Les ravisseurs de la journaliste ukrainienne Ankhar Kotchneva, enlevée en octobre, ont annoncé avoir ajourné son exécution à dimanche et affirmé que l'Ukraine ne faisait rien pour sa libération.

«Quand il y avait des négociations avec le gouvernement ukrainien et son ambassade (en Syrie), ils (les Ukrainiens) n'étaient pas sérieux, ne respectaient pas leurs promesses et ne faisaient rien pour libérer Ankhar», a déclaré le chef des ravisseurs, Abu Jandal, dans une conversation par Skype, dont l'enregistrement traduit en ukrainien a été publié lundi soir par la chaîne de télévision ukrainienne 1 1 sur son site.

«Personne ne répondait lorsque nous demandions ce qu'on pouvait nous proposer pour sa libération. Il paraît que personne ne s'en souciait», a-t-il poursuivi, selon le blog de la journaliste qui l'a interrogé. Les ravisseurs syriens ont indiqué avoir ajourné l'exécution de la journaliste à dimanche, a ajouté la télévision.

Un négociateur «qui ne mente pas»

Les ravisseurs, qui se réclament de l'Armée syrienne libre (ASL), ont exigé que l'Ukraine leur propose un négociateur «qui ne mente pas», selon le blog de la journaliste. «Nous attendons qu'on nous contacte le 18 décembre à 15H00» heure locale, a déclaré Abu Jandal à la journaliste.

Aucun porte-parole du ministère ukrainien des Affaires étrangères contacté par l'AFP n'était joignable pour une réaction.

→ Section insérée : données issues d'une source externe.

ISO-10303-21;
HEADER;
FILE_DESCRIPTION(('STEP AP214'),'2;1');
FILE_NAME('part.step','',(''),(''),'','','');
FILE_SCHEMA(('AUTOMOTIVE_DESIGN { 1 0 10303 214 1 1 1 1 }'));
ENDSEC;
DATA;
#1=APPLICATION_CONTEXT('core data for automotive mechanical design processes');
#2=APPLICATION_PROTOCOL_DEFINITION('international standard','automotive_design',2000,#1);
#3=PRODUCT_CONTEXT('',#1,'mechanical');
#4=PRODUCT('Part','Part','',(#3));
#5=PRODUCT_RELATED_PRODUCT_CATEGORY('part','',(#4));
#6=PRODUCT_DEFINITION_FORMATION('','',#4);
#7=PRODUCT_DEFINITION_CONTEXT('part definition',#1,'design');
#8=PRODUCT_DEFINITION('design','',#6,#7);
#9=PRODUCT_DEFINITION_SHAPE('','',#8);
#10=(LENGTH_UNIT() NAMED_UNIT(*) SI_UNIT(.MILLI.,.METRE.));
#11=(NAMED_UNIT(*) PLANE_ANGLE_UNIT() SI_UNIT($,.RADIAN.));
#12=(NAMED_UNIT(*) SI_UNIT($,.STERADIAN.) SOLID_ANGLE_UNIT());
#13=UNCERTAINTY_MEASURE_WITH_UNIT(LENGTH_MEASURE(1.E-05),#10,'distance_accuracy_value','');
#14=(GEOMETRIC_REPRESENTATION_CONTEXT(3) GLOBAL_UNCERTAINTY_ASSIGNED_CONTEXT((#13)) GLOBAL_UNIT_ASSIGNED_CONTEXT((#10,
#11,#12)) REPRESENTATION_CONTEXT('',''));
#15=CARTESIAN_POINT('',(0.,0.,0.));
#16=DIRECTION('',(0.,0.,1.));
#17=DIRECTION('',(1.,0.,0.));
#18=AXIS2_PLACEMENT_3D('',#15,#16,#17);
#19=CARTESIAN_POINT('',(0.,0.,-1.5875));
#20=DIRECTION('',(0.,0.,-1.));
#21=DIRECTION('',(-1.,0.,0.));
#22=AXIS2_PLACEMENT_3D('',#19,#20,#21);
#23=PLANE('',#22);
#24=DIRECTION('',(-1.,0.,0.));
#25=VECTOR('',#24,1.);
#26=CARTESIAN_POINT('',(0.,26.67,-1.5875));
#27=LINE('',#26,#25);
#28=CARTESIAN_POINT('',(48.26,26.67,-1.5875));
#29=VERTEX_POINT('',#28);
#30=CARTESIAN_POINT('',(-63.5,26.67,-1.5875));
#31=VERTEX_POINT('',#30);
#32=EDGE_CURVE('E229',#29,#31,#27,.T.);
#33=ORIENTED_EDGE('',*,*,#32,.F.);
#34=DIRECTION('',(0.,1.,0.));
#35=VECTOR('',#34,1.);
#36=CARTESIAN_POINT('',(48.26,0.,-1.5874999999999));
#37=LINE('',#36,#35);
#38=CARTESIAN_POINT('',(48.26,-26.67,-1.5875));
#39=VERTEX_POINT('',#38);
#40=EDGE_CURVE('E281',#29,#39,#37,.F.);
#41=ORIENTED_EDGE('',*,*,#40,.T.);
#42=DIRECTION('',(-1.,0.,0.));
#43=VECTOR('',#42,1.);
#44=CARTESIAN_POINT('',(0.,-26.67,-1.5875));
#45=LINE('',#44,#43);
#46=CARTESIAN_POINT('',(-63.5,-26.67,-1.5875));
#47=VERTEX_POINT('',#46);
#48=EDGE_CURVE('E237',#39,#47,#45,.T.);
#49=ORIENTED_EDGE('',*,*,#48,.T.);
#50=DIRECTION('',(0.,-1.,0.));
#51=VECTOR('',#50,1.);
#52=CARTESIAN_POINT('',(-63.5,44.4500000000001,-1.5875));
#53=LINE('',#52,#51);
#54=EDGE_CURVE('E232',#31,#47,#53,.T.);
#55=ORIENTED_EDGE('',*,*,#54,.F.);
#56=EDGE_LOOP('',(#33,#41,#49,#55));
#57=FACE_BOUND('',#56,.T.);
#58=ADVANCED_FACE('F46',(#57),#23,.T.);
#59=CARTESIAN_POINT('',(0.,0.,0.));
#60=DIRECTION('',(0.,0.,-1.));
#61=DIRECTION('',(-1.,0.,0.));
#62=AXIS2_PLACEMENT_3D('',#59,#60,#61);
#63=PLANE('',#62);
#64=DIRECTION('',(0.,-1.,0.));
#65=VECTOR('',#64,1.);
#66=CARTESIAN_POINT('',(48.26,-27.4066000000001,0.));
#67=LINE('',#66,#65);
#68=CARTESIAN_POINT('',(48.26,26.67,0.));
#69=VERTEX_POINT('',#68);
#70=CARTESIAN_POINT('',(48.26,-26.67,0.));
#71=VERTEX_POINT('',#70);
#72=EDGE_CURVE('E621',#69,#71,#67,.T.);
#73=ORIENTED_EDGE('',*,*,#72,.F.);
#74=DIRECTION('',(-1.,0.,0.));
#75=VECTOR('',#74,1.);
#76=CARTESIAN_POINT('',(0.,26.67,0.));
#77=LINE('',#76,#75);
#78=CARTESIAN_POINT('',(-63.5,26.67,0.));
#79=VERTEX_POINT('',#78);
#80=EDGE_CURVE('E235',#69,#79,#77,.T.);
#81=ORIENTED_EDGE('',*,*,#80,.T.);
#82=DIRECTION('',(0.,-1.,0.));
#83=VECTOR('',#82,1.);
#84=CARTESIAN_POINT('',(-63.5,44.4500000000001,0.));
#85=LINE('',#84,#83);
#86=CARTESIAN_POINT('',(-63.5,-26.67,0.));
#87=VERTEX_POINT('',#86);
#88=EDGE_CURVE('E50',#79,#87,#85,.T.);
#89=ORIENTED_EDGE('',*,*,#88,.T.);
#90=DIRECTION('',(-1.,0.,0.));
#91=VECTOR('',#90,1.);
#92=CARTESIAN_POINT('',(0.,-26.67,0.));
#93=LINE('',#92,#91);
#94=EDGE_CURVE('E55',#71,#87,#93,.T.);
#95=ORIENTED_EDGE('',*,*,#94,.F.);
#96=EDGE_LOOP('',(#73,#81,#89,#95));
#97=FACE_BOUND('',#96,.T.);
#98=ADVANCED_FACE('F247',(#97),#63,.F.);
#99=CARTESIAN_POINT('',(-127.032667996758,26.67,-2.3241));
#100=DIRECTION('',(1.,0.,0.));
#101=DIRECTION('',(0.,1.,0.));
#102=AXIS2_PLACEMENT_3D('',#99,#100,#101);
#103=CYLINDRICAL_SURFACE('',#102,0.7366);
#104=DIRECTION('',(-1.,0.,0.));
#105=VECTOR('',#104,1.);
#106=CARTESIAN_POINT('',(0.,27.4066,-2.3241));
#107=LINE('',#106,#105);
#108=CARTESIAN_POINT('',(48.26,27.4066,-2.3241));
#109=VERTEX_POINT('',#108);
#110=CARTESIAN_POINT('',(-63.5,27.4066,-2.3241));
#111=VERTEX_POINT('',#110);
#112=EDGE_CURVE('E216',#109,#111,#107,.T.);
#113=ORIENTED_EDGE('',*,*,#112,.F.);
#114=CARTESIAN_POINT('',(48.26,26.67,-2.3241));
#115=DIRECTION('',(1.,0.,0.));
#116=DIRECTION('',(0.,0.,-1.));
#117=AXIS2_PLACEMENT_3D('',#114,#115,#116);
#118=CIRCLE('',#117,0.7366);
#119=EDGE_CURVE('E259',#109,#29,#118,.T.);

Le président Viktor Ianoukovitch avait ordonné à la mi-octobre aux diplomates ukrainiens de faire tout leur possible pour la libération de la journaliste.

Interprète

Ankhar Kotchneva travaillait en Syrie en tant qu'assistante et interprète, essentiellement pour des médias russes. Dans une vidéo tournée en captivité et mise en ligne fin novembre, elle a affirmé avoir travaillé avec les renseignements russes et syriens, des propos qui ont vraisemblablement été tenus sous la contrainte.

Depuis son arrivée dans ce pays en septembre, Mme Kotchneva, qui parle couramment l'arabe, a fait plusieurs interventions à la télévision syrienne pour défendre le régime de Bachar al-Assad et a aussitôt reçu des menaces de la part des rebelles, a affirmé une de ses amies, citée par la presse russe.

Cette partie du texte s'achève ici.